*** Opening Source data ***
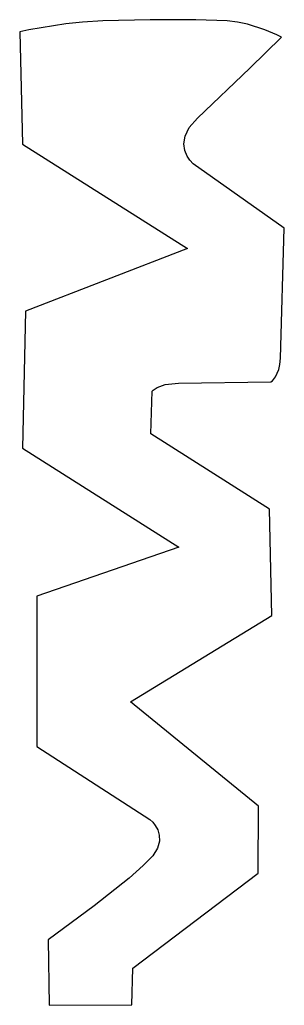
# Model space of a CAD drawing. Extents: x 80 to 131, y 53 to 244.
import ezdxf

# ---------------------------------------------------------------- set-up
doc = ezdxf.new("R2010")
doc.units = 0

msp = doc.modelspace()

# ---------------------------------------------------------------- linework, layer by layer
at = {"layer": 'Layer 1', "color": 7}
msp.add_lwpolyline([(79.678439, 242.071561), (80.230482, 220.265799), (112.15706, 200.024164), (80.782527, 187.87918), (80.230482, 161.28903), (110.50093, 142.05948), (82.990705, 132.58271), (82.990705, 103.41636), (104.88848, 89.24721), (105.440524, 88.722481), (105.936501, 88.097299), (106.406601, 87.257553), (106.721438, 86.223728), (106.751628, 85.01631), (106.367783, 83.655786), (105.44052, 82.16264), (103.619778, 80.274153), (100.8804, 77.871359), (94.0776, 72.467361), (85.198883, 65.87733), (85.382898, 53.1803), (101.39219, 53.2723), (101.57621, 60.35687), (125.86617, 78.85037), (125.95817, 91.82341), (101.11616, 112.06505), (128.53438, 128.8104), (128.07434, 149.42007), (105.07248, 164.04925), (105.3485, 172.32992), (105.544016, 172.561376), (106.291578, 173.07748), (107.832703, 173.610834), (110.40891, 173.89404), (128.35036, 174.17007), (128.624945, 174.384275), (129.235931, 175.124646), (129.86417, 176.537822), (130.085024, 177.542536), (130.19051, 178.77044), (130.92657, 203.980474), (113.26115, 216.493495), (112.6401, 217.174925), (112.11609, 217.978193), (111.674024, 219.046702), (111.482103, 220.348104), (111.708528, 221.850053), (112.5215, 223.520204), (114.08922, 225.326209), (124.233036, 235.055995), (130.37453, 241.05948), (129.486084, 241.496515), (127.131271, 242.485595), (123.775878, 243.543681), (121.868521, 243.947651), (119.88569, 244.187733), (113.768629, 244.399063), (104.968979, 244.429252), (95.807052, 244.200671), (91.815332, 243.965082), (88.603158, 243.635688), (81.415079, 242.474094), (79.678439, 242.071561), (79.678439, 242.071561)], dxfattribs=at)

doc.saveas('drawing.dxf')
*** Closing Source data ***
Exercise goal
Scan the entries above for the string "layer" and copy each line that contains it.

Answer to this task
# ---------------------------------------------------------------- linework, layer by layer
at = {"layer": 'Layer 1', "color": 7}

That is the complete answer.